Brexiters will be viewed by history as the enemies of reason and peace
I’M SORRY if the subject is tedious to some readers but, as long as the EU quitters keep writing in with their narrow-minded, nationalist views, we remainers will keep pointing out the error of their ways. This time it’s Coltman and McWilliam (Letters, March 7).
While Andy McWilliam’s ‘us and them’ mantra is among the most tedious, he does have a point.
The twenty-first century world can indeed be characterised by a division of humanity into two camps, but not the ‘ we British’ versus ‘they, the rest’ that Andy envisages.
The battle is between the rational and the irrational, order and disorder. A small vignette illustrates the situation.

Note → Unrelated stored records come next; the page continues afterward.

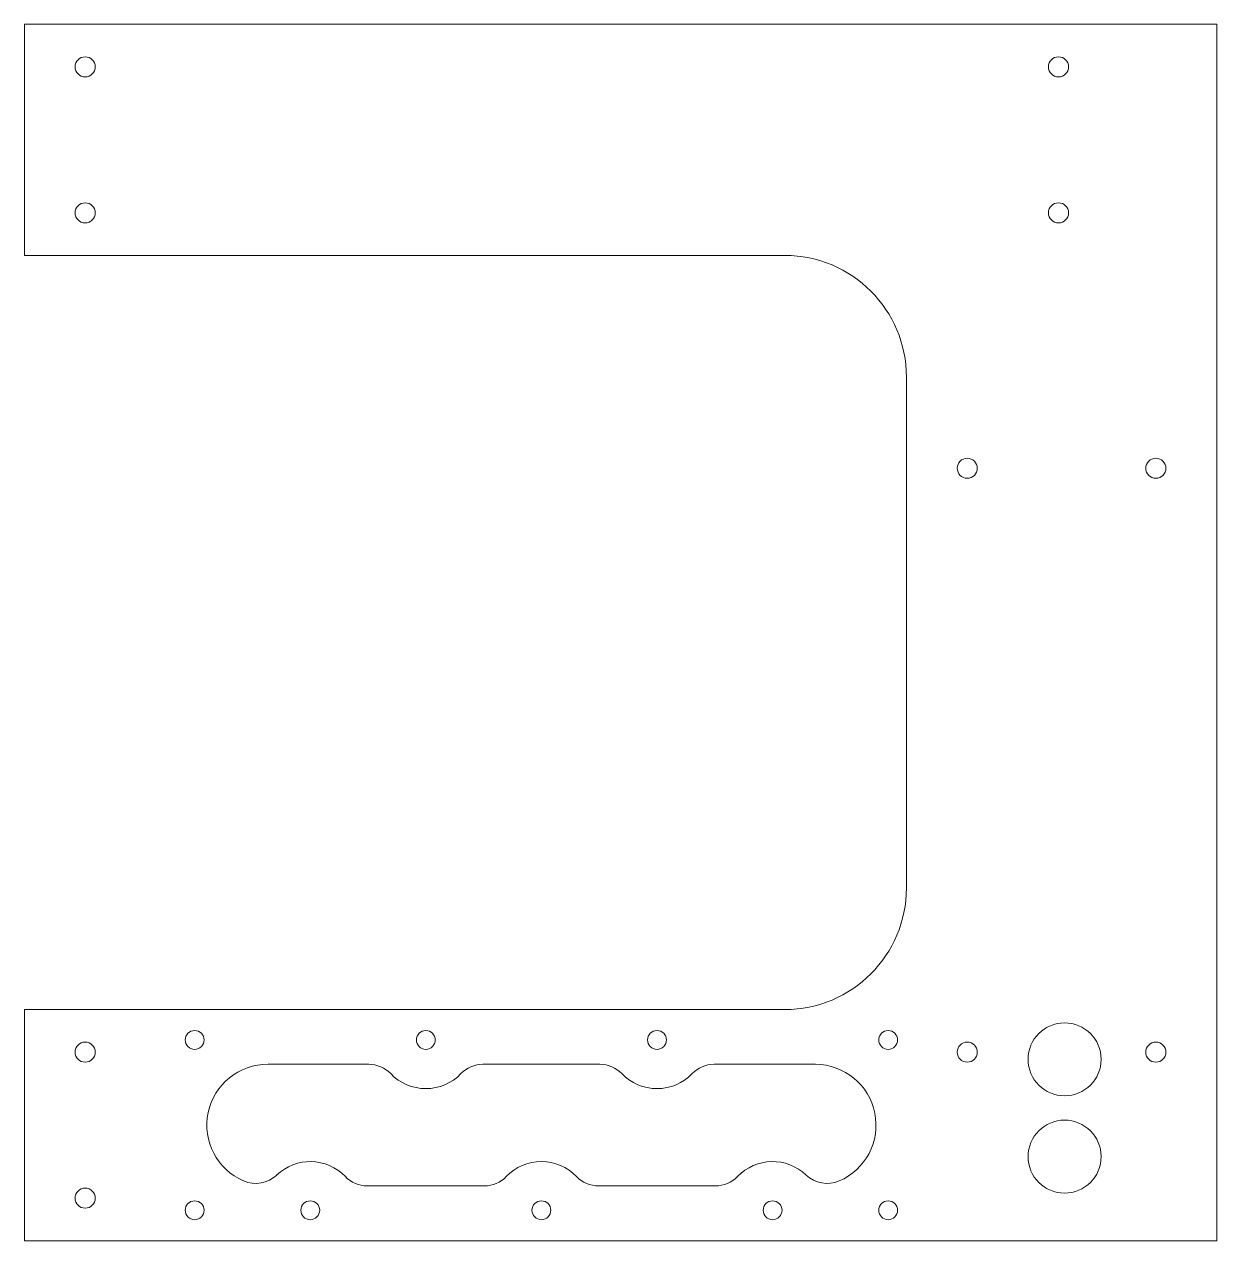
# Model space of a CAD drawing. Header units: millimetres. Extents: x -98 to 98, y -100 to 100.
import ezdxf

# ---------------------------------------------------------------- set-up
doc = ezdxf.new("R2010")
doc.units = ezdxf.units.MM

msp = doc.modelspace()

# ---------------------------------------------------------------- linework, layer by layer
at = {"color": 7, "linetype": 'Continuous', "lineweight": 15}
for p, q in [((-98, 100), (-98, 62)), ((98, 100), (-98, 100)), ((98, -100), (98, 100)), ((-98, 62), (27, 62)), ((47, 42), (47, -42)), ((27, -62), (-98, -62)), ((-98, -62), (-98, -100)), ((-41.38, -71), (-57.93, -71)), ((-3.38, -71), (-22.62, -71)), ((32.07, -71), (15.38, -71)), ((-41.62, -91), (-22.38, -91)), ((-3.62, -91), (15.62, -91)), ((-98, -100), (98, -100))]:
    msp.add_line(p, q, dxfattribs=at)
for centre, radius in [((-88, 93), 1.65), ((72, 93), 1.65), ((-88, 69), 1.65), ((72, 69), 1.65), ((57, 27), 1.65), ((88, 27), 1.65), ((-70, -67), 1.55), ((-32, -67), 1.55), ((6, -67), 1.55), ((44, -67), 1.55), ((73, -70.18), 6), ((-88, -69), 1.65), ((57, -69), 1.65), ((88, -69), 1.65), ((73, -86.18), 6), ((-88, -93), 1.65), ((-70, -95), 1.55), ((-51, -95), 1.55), ((-13, -95), 1.55), ((25, -95), 1.55), ((44, -95), 1.55)]:
    msp.add_circle(centre, radius, dxfattribs=at)
for centre, radius, start, end in [((27, 42), 20, 0, 90), ((27, -42), 20, 270, 0), ((-58, -81), 10, 89.5886, 246.7494), ((-41.38, -76), 5, 43.8131, 90), ((-22.62, -76), 5, 90, 136.1869), ((-3.38, -76), 5, 43.8131, 90), ((15.38, -76), 5, 90, 136.1869), ((32, -81), 10, 293.2506, 89.5886), ((-32, -67), 8, 223.8131, 316.1869), ((6, -67), 8, 223.8131, 316.1869), ((-51, -95), 8, 43.8131, 133.6537), ((-13, -95), 8, 43.8131, 136.1869), ((25, -95), 8, 46.3463, 136.1869), ((-59.97, -85.59), 5, 246.7494, 313.6537), ((-41.62, -86), 5, 223.8131, 270), ((-22.38, -86), 5, 270, 316.1869), ((-3.62, -86), 5, 223.8131, 270), ((15.62, -86), 5, 270, 316.1869), ((33.97, -85.59), 5, 226.3463, 293.2506)]:
    msp.add_arc(centre, radius, start, end, dxfattribs=at)

doc.saveas('drawing.dxf')

A few weeks ago I was attacked in Lyon’s main railway station by a wild man – like me, white and middleaged, but clearly either drunk, drugged or deranged.
As I brushed myself down, a lady – French, young and black – came over to check if I was all right and insisted that she accompany me to report the incident, which she found ‘shocking and unacceptable’, to the security staff. As we did so, it became clear that this was by no means an isolated incident.
The two sides of humanity exemplified here were not drawn along lines of nationality, race, sex or age, but by rationality and a sense of order.
The forces of irrationality and disorder are on the rise, whether their origins lie in drugs, greed, religion or nationalism.
I’m not saying the 52 per cent whose nationalistic leanings have pulled Britain out of the safe haven of the EU are mad (although some of them are!), but their folly puts them firmly on the wrong side of the line.
Along with Trump, le Pen, Kim Jong Un and Isis, they will be viewed by history as the enemies of reason, the enemies of peace.